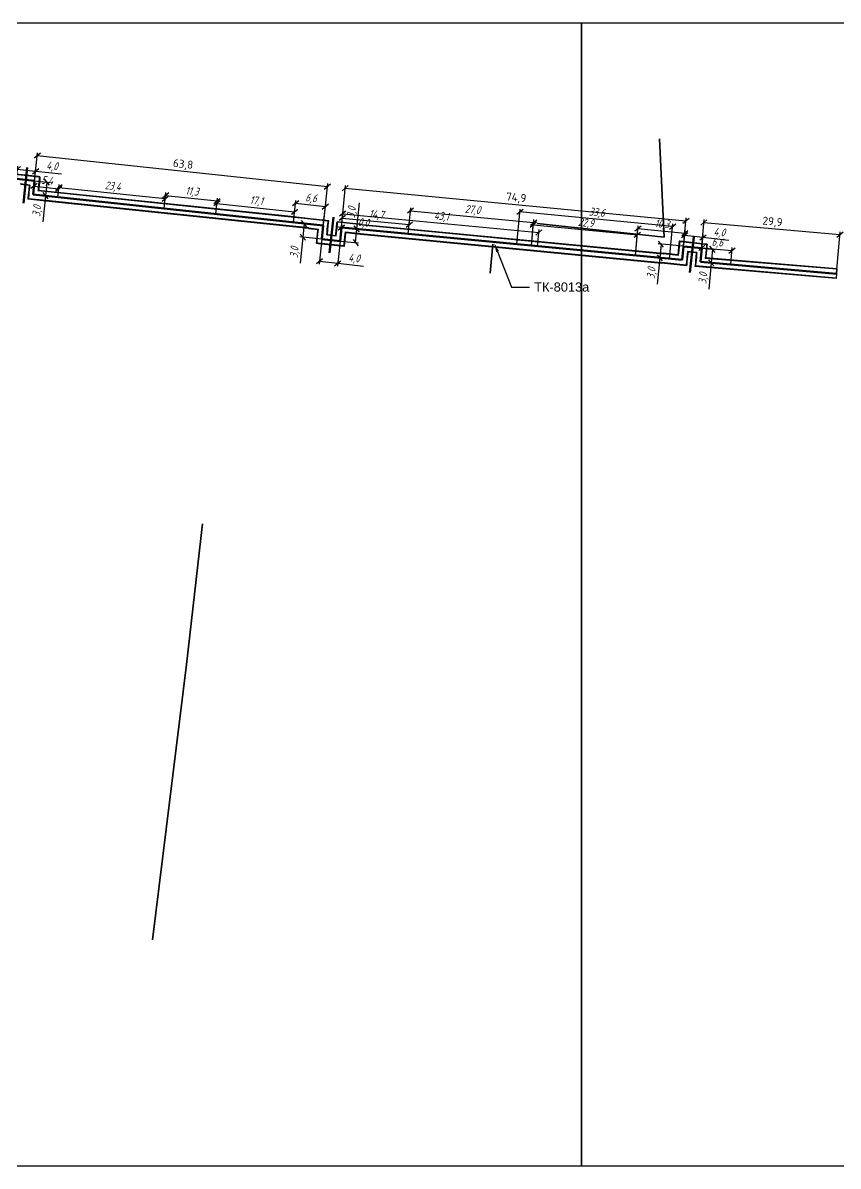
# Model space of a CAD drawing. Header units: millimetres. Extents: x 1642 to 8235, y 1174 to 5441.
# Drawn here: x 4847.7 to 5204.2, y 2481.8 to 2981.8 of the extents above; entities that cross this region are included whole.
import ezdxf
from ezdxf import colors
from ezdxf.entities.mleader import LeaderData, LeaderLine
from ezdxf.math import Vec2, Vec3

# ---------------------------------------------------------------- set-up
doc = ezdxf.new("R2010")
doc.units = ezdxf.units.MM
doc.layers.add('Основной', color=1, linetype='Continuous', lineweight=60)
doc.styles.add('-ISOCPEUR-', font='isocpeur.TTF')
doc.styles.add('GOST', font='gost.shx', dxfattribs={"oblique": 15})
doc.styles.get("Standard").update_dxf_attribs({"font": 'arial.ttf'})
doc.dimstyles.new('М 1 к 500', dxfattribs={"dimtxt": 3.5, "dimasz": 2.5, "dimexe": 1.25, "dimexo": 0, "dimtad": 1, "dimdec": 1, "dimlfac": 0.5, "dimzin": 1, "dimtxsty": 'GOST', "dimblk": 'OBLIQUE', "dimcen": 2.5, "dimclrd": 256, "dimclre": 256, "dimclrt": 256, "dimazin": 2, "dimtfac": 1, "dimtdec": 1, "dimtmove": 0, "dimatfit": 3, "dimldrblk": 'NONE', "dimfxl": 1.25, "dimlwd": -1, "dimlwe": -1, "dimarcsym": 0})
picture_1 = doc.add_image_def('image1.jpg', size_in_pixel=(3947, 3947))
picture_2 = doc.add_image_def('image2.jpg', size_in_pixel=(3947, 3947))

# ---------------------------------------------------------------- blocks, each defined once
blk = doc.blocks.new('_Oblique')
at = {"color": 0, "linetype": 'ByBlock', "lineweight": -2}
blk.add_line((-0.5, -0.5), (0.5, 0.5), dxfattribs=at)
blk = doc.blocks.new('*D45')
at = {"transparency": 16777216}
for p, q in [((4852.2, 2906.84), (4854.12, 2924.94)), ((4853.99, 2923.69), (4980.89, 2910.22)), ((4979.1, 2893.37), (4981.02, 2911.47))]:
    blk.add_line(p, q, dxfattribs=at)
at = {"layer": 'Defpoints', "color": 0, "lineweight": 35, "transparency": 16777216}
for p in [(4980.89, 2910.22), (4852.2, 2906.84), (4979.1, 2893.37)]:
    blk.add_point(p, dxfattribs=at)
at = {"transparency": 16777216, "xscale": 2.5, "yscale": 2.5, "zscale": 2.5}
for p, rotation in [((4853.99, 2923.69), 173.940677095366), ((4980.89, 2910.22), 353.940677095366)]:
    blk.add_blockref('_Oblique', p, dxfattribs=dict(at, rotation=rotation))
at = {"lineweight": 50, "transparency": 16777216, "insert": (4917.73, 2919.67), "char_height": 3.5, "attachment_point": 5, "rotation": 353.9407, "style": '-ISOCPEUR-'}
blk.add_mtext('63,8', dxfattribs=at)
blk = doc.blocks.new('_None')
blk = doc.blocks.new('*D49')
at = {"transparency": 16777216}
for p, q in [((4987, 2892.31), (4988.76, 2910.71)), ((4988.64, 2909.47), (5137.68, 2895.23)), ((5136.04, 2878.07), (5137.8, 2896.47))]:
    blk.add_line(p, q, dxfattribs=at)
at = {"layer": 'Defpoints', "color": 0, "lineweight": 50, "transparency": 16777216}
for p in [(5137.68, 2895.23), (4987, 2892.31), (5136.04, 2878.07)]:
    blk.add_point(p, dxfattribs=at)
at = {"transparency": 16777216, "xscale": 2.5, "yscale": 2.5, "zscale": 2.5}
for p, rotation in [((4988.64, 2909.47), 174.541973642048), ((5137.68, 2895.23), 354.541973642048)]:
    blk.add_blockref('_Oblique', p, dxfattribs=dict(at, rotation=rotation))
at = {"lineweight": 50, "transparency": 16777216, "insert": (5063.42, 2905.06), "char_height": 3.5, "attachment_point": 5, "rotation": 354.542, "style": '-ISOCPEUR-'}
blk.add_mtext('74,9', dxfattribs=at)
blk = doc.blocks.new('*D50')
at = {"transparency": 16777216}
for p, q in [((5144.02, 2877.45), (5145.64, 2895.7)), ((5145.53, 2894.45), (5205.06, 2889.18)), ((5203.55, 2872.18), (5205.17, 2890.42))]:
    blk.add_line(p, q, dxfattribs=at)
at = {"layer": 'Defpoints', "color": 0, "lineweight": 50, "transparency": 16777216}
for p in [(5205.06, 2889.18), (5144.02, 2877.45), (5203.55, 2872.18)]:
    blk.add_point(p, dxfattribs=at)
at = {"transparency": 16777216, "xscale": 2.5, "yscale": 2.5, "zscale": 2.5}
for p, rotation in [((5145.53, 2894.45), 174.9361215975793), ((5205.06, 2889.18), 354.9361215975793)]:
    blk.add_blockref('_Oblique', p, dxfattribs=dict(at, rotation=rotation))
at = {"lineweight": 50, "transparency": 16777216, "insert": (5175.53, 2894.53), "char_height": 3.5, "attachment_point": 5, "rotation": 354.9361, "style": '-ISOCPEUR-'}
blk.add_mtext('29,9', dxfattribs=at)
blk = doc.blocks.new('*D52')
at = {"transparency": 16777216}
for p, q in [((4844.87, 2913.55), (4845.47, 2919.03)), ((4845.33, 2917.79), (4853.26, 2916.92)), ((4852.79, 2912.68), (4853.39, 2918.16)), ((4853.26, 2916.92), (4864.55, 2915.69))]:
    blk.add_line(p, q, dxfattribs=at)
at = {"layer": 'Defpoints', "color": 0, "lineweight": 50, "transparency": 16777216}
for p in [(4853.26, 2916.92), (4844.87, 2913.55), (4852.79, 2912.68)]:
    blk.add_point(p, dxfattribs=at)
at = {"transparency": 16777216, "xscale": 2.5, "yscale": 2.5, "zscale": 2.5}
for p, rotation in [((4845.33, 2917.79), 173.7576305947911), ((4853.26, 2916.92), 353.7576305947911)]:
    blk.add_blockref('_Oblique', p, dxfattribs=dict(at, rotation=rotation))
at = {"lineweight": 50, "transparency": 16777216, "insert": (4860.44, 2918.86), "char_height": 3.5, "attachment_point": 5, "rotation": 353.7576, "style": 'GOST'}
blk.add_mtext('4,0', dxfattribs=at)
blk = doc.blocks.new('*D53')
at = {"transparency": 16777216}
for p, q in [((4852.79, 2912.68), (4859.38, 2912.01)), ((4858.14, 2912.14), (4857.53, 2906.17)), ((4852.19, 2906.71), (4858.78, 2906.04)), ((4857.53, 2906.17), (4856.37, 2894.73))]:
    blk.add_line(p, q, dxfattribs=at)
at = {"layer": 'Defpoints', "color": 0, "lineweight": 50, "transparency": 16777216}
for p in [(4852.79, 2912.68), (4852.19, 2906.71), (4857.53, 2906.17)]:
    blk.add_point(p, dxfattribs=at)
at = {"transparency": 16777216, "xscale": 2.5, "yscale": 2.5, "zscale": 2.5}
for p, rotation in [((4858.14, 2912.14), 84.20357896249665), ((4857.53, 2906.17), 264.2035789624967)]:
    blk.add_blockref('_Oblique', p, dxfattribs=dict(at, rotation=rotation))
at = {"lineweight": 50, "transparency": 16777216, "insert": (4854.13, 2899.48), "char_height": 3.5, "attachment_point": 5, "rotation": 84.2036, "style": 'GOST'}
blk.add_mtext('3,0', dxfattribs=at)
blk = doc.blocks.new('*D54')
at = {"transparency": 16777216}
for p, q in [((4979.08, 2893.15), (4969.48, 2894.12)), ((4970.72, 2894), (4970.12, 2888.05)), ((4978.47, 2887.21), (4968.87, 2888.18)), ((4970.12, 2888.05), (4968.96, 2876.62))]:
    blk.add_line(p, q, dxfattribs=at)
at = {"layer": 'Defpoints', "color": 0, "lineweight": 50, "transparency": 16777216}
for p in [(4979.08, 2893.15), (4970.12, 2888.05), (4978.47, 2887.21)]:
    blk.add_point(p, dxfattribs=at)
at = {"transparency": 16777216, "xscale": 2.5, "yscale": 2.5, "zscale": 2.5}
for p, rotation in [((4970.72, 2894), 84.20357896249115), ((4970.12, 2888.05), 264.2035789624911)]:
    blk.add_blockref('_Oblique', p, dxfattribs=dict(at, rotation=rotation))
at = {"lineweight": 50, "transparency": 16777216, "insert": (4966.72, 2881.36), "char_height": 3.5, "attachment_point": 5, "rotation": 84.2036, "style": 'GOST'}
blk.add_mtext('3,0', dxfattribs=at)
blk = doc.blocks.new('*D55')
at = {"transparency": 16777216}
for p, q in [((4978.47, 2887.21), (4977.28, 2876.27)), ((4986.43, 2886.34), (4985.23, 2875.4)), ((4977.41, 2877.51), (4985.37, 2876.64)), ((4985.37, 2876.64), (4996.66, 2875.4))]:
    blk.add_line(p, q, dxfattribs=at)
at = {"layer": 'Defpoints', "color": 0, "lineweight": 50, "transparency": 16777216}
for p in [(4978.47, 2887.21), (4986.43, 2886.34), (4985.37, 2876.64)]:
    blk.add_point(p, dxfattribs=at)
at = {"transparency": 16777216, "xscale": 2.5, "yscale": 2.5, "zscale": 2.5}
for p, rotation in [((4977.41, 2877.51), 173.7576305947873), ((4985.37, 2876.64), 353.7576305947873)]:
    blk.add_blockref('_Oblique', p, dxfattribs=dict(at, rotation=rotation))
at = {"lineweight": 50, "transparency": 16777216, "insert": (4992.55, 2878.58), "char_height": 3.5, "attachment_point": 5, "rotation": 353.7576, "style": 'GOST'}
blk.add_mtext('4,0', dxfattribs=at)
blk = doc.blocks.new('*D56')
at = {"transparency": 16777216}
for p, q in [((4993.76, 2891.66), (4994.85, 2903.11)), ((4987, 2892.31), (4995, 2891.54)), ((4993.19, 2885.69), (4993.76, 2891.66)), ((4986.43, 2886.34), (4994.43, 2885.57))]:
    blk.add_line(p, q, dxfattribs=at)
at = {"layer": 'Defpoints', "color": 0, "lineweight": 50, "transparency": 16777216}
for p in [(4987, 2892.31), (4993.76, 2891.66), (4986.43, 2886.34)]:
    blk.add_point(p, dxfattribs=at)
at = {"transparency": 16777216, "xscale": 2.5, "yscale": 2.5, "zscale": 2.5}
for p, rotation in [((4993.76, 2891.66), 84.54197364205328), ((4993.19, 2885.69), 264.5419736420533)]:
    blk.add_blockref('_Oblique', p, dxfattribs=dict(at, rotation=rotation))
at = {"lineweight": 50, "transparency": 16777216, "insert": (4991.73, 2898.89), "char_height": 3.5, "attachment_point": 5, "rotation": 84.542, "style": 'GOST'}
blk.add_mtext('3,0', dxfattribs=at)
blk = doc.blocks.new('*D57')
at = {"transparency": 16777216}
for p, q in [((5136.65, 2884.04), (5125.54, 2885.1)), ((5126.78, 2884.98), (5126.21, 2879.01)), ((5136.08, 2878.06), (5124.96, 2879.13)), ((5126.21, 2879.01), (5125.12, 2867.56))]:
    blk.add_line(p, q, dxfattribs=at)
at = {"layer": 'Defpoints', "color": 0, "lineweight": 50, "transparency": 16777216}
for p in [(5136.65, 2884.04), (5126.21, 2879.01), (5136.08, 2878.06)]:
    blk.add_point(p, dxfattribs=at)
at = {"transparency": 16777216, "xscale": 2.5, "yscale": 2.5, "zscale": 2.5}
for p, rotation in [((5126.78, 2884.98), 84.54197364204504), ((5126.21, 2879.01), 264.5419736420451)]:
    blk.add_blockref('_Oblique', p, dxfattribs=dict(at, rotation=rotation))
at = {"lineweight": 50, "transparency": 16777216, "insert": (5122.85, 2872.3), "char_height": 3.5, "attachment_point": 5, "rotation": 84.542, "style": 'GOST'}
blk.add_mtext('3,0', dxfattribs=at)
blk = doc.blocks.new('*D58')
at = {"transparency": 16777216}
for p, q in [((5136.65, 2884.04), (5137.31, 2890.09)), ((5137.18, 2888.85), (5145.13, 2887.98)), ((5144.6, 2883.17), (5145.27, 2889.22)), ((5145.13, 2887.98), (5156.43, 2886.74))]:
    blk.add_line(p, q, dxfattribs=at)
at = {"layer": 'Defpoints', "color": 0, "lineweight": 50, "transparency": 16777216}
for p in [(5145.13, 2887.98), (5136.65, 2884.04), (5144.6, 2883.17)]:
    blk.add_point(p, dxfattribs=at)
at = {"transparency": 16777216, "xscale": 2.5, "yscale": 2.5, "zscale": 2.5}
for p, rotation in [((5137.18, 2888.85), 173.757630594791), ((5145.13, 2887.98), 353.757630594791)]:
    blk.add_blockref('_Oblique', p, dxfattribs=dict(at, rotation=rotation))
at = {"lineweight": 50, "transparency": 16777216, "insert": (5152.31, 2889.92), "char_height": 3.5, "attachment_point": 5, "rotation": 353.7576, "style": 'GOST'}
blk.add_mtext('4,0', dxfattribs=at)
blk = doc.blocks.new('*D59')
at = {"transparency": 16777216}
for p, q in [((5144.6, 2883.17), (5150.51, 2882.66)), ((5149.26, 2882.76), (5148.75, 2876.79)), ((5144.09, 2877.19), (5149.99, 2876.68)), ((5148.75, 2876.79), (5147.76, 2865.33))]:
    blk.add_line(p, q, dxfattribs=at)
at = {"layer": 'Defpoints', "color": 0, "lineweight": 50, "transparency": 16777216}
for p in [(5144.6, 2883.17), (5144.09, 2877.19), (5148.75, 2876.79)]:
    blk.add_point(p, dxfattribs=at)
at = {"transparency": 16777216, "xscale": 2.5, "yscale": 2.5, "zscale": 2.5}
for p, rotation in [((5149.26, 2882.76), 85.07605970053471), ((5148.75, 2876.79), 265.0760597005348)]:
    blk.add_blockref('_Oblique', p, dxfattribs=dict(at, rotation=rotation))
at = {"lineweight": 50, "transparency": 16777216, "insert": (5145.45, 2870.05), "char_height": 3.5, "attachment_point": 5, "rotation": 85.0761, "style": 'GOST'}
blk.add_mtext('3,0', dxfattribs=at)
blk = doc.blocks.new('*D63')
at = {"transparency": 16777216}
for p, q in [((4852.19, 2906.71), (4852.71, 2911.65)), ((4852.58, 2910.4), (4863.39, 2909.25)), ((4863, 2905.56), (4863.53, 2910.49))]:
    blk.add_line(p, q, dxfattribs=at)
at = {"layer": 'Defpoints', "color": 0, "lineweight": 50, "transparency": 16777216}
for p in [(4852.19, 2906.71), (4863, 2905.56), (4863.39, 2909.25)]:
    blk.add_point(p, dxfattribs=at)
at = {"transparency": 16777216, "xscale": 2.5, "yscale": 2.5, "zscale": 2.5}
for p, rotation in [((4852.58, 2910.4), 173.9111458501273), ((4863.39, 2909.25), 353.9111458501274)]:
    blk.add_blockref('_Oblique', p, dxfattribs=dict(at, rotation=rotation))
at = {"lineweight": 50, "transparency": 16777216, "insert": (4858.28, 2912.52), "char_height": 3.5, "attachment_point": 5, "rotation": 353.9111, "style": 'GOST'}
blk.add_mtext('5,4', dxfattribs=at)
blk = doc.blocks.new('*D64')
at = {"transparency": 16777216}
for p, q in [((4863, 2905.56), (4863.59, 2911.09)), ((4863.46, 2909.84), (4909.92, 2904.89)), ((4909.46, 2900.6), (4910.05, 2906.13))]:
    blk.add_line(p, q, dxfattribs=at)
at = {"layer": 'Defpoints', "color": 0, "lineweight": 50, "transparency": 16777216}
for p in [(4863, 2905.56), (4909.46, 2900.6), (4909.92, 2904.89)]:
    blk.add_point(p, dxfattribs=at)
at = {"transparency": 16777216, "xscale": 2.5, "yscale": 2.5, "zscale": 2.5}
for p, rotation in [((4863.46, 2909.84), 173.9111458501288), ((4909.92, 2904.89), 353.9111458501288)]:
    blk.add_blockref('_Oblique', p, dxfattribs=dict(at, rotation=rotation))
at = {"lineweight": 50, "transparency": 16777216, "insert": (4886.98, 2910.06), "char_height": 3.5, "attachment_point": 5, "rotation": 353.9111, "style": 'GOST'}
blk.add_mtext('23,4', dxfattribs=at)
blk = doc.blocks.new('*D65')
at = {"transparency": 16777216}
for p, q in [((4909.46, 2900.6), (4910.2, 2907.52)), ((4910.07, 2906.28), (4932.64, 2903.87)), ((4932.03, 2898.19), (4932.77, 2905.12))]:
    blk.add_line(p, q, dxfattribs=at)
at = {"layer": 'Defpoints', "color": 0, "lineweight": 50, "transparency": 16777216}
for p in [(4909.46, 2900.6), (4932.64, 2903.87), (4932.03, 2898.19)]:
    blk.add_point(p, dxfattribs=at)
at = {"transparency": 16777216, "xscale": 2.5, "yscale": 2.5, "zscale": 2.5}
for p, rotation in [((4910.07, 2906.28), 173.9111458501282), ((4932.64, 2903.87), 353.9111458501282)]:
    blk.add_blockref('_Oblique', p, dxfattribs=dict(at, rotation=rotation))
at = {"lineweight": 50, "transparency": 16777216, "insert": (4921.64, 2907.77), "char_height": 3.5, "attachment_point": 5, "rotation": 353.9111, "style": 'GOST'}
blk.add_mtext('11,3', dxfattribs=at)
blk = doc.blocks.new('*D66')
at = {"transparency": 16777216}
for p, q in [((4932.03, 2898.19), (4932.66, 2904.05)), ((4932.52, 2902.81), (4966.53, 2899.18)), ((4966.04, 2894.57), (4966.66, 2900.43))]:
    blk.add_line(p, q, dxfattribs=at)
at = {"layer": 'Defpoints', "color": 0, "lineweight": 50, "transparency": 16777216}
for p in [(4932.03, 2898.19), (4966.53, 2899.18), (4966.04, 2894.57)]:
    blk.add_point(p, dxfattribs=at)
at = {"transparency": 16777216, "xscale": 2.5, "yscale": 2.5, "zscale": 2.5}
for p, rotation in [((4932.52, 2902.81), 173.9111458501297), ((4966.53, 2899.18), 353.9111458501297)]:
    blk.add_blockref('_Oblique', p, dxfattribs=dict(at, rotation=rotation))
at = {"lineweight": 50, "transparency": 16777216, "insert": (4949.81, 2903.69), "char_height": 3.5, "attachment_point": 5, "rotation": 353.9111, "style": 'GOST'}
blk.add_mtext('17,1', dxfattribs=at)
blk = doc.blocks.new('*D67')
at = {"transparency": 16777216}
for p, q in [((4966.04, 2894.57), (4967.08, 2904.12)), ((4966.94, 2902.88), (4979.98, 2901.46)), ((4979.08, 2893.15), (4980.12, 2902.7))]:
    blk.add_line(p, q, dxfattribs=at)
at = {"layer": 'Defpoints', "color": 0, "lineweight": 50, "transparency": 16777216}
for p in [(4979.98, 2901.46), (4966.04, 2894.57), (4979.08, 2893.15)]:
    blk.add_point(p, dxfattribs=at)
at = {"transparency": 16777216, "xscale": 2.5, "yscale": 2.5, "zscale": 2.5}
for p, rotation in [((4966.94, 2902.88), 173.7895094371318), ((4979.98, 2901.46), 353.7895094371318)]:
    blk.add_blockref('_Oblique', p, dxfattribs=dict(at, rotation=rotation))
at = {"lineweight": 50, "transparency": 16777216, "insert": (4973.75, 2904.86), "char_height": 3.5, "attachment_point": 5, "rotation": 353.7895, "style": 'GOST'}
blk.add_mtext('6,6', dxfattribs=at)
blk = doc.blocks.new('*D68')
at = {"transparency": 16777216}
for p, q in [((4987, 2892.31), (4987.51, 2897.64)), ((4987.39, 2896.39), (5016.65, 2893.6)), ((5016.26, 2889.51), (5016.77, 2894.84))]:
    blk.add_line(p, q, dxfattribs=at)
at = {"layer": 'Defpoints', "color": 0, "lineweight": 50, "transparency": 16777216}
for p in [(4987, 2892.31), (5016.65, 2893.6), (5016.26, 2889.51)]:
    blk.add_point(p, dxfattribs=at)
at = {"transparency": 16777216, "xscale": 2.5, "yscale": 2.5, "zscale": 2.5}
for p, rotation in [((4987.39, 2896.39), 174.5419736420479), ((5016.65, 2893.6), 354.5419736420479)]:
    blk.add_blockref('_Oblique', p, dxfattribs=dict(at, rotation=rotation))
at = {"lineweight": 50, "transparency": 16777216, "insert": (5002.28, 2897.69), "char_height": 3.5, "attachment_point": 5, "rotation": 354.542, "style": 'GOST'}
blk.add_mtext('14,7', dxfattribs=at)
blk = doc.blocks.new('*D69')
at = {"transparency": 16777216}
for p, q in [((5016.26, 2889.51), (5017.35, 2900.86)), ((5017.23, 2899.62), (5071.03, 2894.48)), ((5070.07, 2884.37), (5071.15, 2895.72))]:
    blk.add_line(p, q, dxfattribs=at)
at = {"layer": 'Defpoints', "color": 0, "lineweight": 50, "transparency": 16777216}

########################################

• Action item
All lines with the word "ISOCPEUR" need to be copied from the data above.

• Solution for this problem
doc.styles.add('-ISOCPEUR-', font='isocpeur.TTF')
at = {"lineweight": 50, "transparency": 16777216, "insert": (4917.73, 2919.67), "char_height": 3.5, "attachment_point": 5, "rotation": 353.9407, "style": '-ISOCPEUR-'}
at = {"lineweight": 50, "transparency": 16777216, "insert": (5063.42, 2905.06), "char_height": 3.5, "attachment_point": 5, "rotation": 354.542, "style": '-ISOCPEUR-'}
at = {"lineweight": 50, "transparency": 16777216, "insert": (5175.53, 2894.53), "char_height": 3.5, "attachment_point": 5, "rotation": 354.9361, "style": '-ISOCPEUR-'}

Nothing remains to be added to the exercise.